The insurance industry has been creating innovative products around the emerging online shopping activities. Such e-commerce insurance is designed to protect buyers from potential risks such as impulse purchases and counterfeits. Fraudulent claims towards online insurance typically involve multiple parties such as buyers, sellers, and express companies, and they could lead to heavy financial losses.
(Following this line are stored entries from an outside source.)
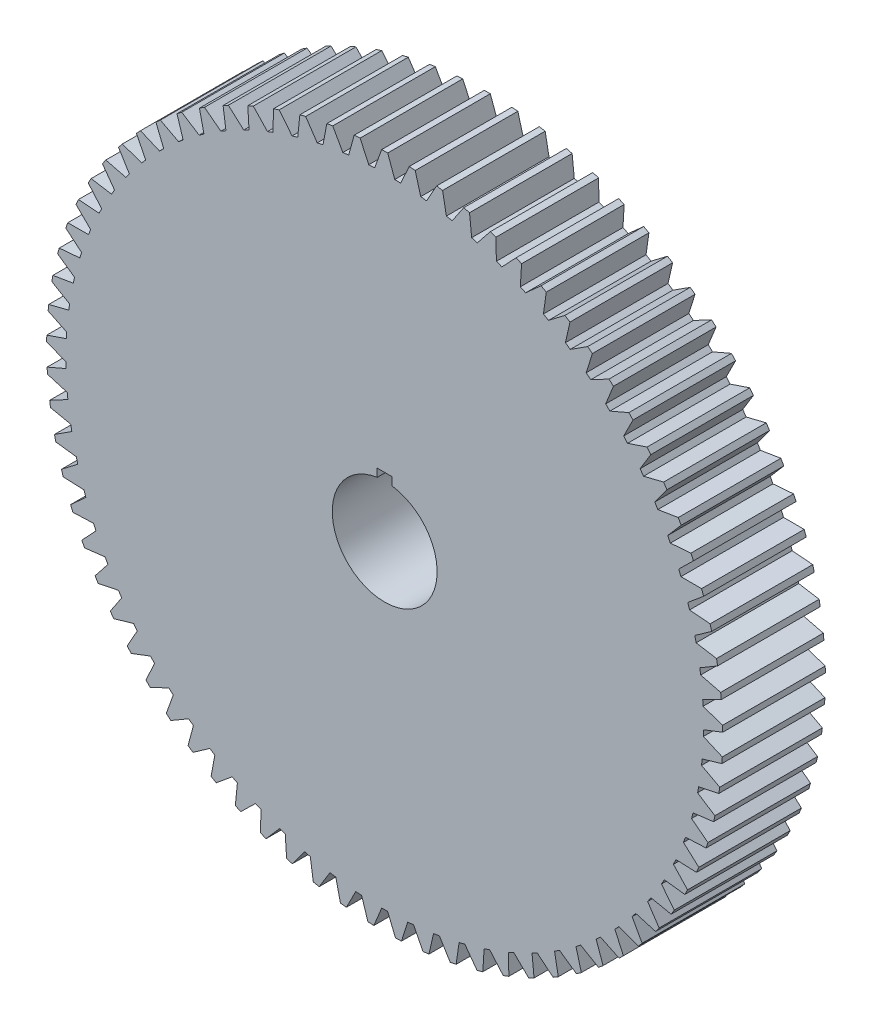
SolidWorks part; units mm, degrees
ref_plane "Front Plane" through (0, 0, 0) normal (0, 0, 1) x (1, 0, 0)
ref_plane "Top Plane" through (0, 0, 0) normal (0, 1, 0) x (1, 0, 0)
ref_plane "Right Plane" through (0, 0, 0) normal (1, 0, 0) x (0, 0, -1)
sketch "Sketch2" plane through (0, 0, 0) normal (0, 0, 1) x (1, 0, 0)
  line L0 (1.27, 143.3266) -> (4.2647, 135.0988)
  line L1 (-1.27, 143.3266) -> (-4.2647, 135.0988)
  line L2 (0, 19.05) -> (0, 143.3322) construction
  line L3 (12.9482, 142.7461) -> (15.2623, 134.3017)
  line L4 (10.4167, 142.9532) -> (6.7613, 134.9969)
  line L5 (24.5403, 141.2158) -> (26.1583, 132.6108)
  line L6 (22.034, 141.6285) -> (17.7423, 133.9966)
  line L7 (35.969, 138.7456) -> (36.8803, 130.0374)
  line L8 (33.5047, 139.3612) -> (28.6053, 132.1046)
  line L9 (47.1584, 135.3522) -> (47.3568, 126.5986)
  line L10 (44.7525, 136.1666) -> (39.2778, 129.3334)
  line L11 (58.0339, 131.0579) -> (57.5182, 122.3173)
  line L12 (55.7024, 132.0657) -> (49.689, 125.7015)
  line L13 (68.5233, 125.8915) -> (67.2968, 117.2221)
  line L14 (66.2817, 127.086) -> (59.7695, 121.2332)
  line L15 (78.5566, 119.8874) -> (76.6276, 111.3467)
  line L16 (76.4198, 121.2606) -> (69.4523, 115.958)
  line L17 (88.0671, 113.0854) -> (85.4484, 104.7303)
  line L18 (86.0494, 114.6282) -> (78.6728, 109.9112)
  line L19 (96.9916, 105.5308) -> (93.7006, 97.417)
  line L20 (95.1063, 107.233) -> (87.3698, 103.1329)
  line L21 (105.2706, 97.2739) -> (101.3292, 89.4554)
  line L22 (103.5304, 99.1241) -> (95.4854, 95.6682)
  line L23 (112.8491, 88.3697) -> (108.2835, 80.8985)
  line L24 (111.2654, 90.3556) -> (102.9655, 87.567)
  line L25 (119.6765, 78.8774) -> (114.5171, 71.8032)
  line L26 (118.26, 80.9858) -> (109.7604, 78.883)
  line L27 (125.7075, 68.8602) -> (119.9887, 62.2301)
  line L28 (124.4676, 71.077) -> (115.8249, 69.674)
  line L29 (130.902, 58.3848) -> (124.6618, 52.2428)
  line L30 (129.8469, 60.6952) -> (121.1186, 60.0013)
  line L31 (135.2253, 47.5208) -> (128.5053, 41.9079)
  line L32 (134.362, 49.9096) -> (125.6062, 49.9294)
  line L33 (138.6488, 36.3405) -> (131.4936, 31.2941)
  line L34 (137.983, 38.7917) -> (129.258, 39.5252)
  line L35 (141.1495, 24.9185) -> (133.6068, 20.472)
  line L36 (140.6858, 27.4158) -> (132.0496, 28.858)
  line L37 (142.711, 13.3305) -> (134.8309, 9.5137)
  line L38 (142.4523, 15.8573) -> (133.9624, 17.9987)
  line L39 (143.3227, 1.6539) -> (135.1577, -1.508)
  line L40 (143.2708, 4.1934) -> (134.9837, 7.0196)
  line L41 (142.9806, -10.0337) -> (134.585, -12.5195)
  line L42 (143.1359, -7.4985) -> (135.1067, -4.0062)
  line L43 (141.687, -21.6546) -> (133.1168, -23.4478)
  line L44 (142.0485, -19.1404) -> (134.3306, -15.0053)
  line L45 (139.4505, -33.1313) -> (130.7626, -34.2201)
  line L46 (140.0157, -30.655) -> (132.6606, -25.9046)
  line L47 (136.286, -44.3876) -> (127.5383, -44.7646)
  line L48 (137.0511, -41.9656) -> (130.1077, -36.6314)
  line L49 (132.2145, -55.3485) -> (123.4652, -55.0112)
  line L50 (133.1745, -52.9969) -> (126.689, -47.1145)
  line L51 (127.2631, -65.941) -> (118.5704, -64.8917)
  line L52 (128.4116, -63.6755) -> (122.4271, -57.2841)
  line L53 (121.4649, -76.0947) -> (112.8866, -74.3403)
  line L54 (122.7942, -73.9304) -> (117.3506, -67.0724)
  line L55 (114.8583, -85.742) -> (106.4516, -83.2943)
  line L56 (116.3596, -83.6932) -> (111.4931, -76.4144)
  line L57 (107.4873, -94.8187) -> (99.3081, -91.6939)
  line L58 (109.1507, -92.8991) -> (104.8936, -85.2479)
  line L59 (99.4011, -103.2645) -> (91.5038, -99.4833)
  line L60 (101.2153, -101.4868) -> (97.5961, -93.514)
  line L61 (90.6533, -111.023) -> (83.0905, -106.6107)
  line L62 (92.6064, -109.3991) -> (89.6491, -101.1579)
  line L63 (81.3023, -118.0426) -> (74.1242, -113.0286)
  line L64 (83.3812, -116.5834) -> (81.1055, -108.1285)
  line L65 (71.4102, -124.2767) -> (64.6647, -118.6944)
  line L66 (73.6012, -122.9918) -> (72.0221, -114.3796)
  line L67 (61.0428, -129.6838) -> (54.7748, -123.5702)
  line L68 (63.3313, -128.5817) -> (62.4595, -119.8695)
  line L69 (50.2693, -134.2279) -> (44.5205, -127.6237)
  line L70 (52.64, -133.316) -> (52.4812, -124.5616)
  line L71 (39.1612, -137.8786) -> (33.9698, -130.8278)
  line L72 (41.5983, -137.163) -> (42.1536, -128.4249)
  line L73 (27.7925, -140.6119) -> (23.1931, -133.1614)
  line L74 (30.2798, -140.0973) -> (31.5456, -131.4335)
  line L75 (16.2389, -142.4093) -> (12.262, -134.6088)
  line L76 (18.7599, -142.0992) -> (20.7276, -133.5674)
  line L77 (4.5771, -143.2591) -> (1.2494, -135.1603)
  line L78 (7.115, -143.1555) -> (9.7716, -134.8124)
  line L79 (-7.115, -143.1555) -> (-9.7716, -134.8124)
  line L80 (-4.5771, -143.2591) -> (-1.2494, -135.1603)
  line L81 (-18.7599, -142.0992) -> (-20.7276, -133.5674)
  line L82 (-16.2389, -142.4093) -> (-12.262, -134.6088)
  line L83 (-30.2798, -140.0973) -> (-31.5456, -131.4335)
  line L84 (-27.7925, -140.6119) -> (-23.1931, -133.1614)
  line L85 (-41.5983, -137.163) -> (-42.1536, -128.4249)
  line L86 (-39.1612, -137.8786) -> (-33.9698, -130.8278)
  line L87 (-52.64, -133.316) -> (-52.4812, -124.5616)
  line L88 (-50.2693, -134.2279) -> (-44.5205, -127.6237)
  line L89 (-63.3313, -128.5817) -> (-62.4595, -119.8695)
  line L90 (-61.0428, -129.6838) -> (-54.7748, -123.5702)
  line L91 (-73.6012, -122.9918) -> (-72.0221, -114.3796)
  line L92 (-71.4102, -124.2767) -> (-64.6647, -118.6944)
  line L93 (-83.3812, -116.5834) -> (-81.1055, -108.1285)
  line L94 (-81.3023, -118.0426) -> (-74.1242, -113.0286)
  line L95 (-92.6064, -109.3991) -> (-89.6491, -101.1579)
  line L96 (-90.6533, -111.023) -> (-83.0905, -106.6107)
  line L97 (-101.2153, -101.4868) -> (-97.5961, -93.514)
  line L98 (-99.4011, -103.2645) -> (-91.5038, -99.4833)
  line L99 (-109.1507, -92.8991) -> (-104.8936, -85.2479)
  line L100 (-107.4873, -94.8187) -> (-99.3081, -91.6939)
  line L101 (-116.3596, -83.6932) -> (-111.4931, -76.4144)
  line L102 (-114.8583, -85.742) -> (-106.4516, -83.2943)
  line L103 (-122.7942, -73.9304) -> (-117.3506, -67.0724)
  line L104 (-121.4649, -76.0947) -> (-112.8866, -74.3403)
  line L105 (-128.4116, -63.6755) -> (-122.4271, -57.2841)
  line L106 (-127.2631, -65.941) -> (-118.5704, -64.8917)
  line L107 (-133.1745, -52.9969) -> (-126.689, -47.1145)
  line L108 (-132.2145, -55.3485) -> (-123.4652, -55.0112)
  line L109 (-137.0511, -41.9656) -> (-130.1077, -36.6314)
  line L110 (-136.286, -44.3876) -> (-127.5383, -44.7646)
  line L111 (-140.0157, -30.655) -> (-132.6606, -25.9046)
  line L112 (-139.4505, -33.1313) -> (-130.7626, -34.2201)
  line L113 (-142.0485, -19.1404) -> (-134.3306, -15.0053)
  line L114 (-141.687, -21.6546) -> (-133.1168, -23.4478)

In order to uncover the relations behind organized fraudsters and detect fraudulent claims, we developed a large-scale insurance fraud detection system, i.e., InfDetect, which provides interfaces for commonly used graphs, standard data processing procedures, and a uniform graph learning platform. InfDetect is able to process big graphs containing up to 100 millions of nodes and billions of edges. In this paper, we investigate different graphs to facilitate fraudster mining, such as a device-sharing graph, a transaction graph, a friendship graph, and a buyer-seller graph. These graphs are fed to a uniform graph learning platform containing supervised and unsupervised graph learning algorithms. Cases on widely applied e-commerce insurance are described to demonstrate the usage and capability of our system. InfDetect has successfully detected thousands of fraudulent claims and saved over tens of thousands of dollars daily.